# half breed?



## Pigeon lower (Oct 23, 2007)

I have got this pair of pigeons i think archangels but somone said they dont come in white i got a white and brown one they mated and ive got 6 youngsters but when they fly they try and do flips but only make it the odd time


----------



## Clarkey-1990 (Mar 18, 2007)

Obviously some type of roller or tumbler cross. Any pics and I can tell for definate


----------



## george simon (Feb 28, 2006)

There are white winged Archangel's you don't see many because most people like the black and bronze they also have the black/bronze with white flights, they also can have a crest or be plainheaded. I get my information for the book "ENCYCLOPEDIA OF PIGEON BREEDS" written by W.M.Levi. You can see a picture of one on page 73 of that book. I would say that if you do have a white type Archangel you are quite lucky. .GEORGE


----------



## Pigeon lower (Oct 23, 2007)

well not yet i am bad at getting pics on to computers hopfully soon when my couzin is down again he will take some then send me them and it does have a crest when i got them somone said he would give me a pair of rollers but i dont think they are they sit on the roof with my other pigeons like american fantails, indian fantails, oriental frills, chinese owls they just come off the odd time and try and do a flip but usally dont make it


----------



## warriec (Feb 2, 2007)

Must see a picture to confirm. Archangels dont tumble so I guess that there can be about 25% of tumbler or roller blood from the parents side. Does all your 6 young tumble?

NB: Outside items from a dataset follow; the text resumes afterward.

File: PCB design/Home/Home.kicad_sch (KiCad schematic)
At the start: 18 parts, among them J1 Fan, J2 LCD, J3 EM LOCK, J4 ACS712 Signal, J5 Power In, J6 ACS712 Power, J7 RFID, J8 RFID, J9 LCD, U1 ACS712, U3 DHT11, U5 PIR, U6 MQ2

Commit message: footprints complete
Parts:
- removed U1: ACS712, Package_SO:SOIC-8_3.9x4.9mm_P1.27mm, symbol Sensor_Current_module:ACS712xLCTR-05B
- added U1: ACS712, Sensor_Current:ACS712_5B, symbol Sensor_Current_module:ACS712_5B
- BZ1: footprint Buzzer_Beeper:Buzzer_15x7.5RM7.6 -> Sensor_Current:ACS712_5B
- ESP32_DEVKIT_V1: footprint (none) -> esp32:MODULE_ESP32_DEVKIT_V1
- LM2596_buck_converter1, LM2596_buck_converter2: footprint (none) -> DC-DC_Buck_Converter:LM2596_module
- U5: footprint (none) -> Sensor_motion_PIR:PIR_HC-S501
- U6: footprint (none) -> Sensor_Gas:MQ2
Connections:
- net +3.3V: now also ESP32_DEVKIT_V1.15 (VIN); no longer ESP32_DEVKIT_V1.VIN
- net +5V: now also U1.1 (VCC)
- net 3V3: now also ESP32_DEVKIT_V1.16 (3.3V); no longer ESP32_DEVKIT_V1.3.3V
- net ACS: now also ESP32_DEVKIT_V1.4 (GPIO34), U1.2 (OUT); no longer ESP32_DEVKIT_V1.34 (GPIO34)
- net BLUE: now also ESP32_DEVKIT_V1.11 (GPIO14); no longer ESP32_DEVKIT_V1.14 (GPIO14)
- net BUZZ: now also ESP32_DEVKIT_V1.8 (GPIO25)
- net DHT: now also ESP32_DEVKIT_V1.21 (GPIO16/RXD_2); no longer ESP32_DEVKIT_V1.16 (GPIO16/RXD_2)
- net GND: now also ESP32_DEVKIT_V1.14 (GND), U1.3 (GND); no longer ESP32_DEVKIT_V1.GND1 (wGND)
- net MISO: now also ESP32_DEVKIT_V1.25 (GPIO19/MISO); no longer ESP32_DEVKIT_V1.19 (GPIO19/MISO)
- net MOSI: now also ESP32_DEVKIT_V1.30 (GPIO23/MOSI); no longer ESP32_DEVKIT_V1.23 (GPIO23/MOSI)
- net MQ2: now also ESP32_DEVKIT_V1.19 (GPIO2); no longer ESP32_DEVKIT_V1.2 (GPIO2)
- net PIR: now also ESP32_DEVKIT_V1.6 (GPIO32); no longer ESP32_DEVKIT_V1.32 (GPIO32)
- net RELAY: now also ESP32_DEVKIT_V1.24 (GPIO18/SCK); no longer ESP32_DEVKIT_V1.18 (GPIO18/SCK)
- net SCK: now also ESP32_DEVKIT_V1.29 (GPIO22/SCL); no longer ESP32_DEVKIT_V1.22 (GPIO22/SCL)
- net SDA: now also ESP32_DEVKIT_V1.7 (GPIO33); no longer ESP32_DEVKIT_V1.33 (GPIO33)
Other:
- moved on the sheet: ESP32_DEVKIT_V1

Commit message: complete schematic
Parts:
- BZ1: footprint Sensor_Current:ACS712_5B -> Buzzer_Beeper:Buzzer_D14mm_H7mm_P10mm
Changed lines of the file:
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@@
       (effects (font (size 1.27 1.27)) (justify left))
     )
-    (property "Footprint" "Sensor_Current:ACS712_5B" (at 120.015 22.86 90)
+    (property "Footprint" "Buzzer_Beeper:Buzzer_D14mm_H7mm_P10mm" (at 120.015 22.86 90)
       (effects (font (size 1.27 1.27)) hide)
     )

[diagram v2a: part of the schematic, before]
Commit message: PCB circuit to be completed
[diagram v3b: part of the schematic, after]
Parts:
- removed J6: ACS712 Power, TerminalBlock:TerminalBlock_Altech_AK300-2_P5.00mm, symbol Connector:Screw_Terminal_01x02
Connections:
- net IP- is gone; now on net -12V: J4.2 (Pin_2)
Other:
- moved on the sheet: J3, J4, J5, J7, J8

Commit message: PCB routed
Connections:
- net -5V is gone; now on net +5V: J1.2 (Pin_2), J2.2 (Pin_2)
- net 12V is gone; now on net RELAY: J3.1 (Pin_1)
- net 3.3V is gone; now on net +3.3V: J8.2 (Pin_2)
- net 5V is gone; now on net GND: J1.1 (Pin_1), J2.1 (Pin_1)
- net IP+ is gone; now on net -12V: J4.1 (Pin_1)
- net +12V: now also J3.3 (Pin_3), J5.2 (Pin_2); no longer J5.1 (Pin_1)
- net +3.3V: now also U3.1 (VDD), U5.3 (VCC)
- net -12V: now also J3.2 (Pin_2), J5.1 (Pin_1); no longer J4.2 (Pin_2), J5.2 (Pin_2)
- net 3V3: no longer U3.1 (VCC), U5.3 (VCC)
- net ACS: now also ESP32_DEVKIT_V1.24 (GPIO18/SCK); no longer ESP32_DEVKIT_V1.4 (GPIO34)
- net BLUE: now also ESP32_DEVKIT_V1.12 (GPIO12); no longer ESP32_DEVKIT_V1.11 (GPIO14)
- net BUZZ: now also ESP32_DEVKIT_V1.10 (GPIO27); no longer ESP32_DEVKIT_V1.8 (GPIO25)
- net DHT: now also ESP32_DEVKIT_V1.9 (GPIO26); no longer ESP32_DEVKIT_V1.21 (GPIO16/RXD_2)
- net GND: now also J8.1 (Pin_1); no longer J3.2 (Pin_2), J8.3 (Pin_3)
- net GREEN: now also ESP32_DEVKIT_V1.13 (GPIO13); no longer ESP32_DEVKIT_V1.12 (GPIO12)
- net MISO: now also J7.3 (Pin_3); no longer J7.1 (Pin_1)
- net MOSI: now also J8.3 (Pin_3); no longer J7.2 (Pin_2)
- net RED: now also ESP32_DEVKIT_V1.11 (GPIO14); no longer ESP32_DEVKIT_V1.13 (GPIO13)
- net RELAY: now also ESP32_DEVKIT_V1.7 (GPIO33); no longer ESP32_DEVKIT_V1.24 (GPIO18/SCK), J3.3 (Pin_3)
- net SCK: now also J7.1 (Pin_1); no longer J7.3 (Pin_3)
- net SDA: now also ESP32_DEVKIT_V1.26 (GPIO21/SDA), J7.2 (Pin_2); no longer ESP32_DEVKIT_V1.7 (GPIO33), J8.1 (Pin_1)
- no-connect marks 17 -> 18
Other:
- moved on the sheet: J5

Does your young have full feathering because mising feathers sometimes make a bird tumble. I have see a flyer pluck some feathers and releasing his birds and they did tumble a few times.


----------



## Pigeon lower (Oct 23, 2007)

Yes, the youngsters try but they never make it. They take frequent breaks after trying.


----------



## Pigeon lower (Oct 23, 2007)

this thread can close its archangels and like 30-25%roller in them and i am selling them all but 1 yougster and the parents 5 other yougsters are going this friday......  well 3 sold 2 last week


----------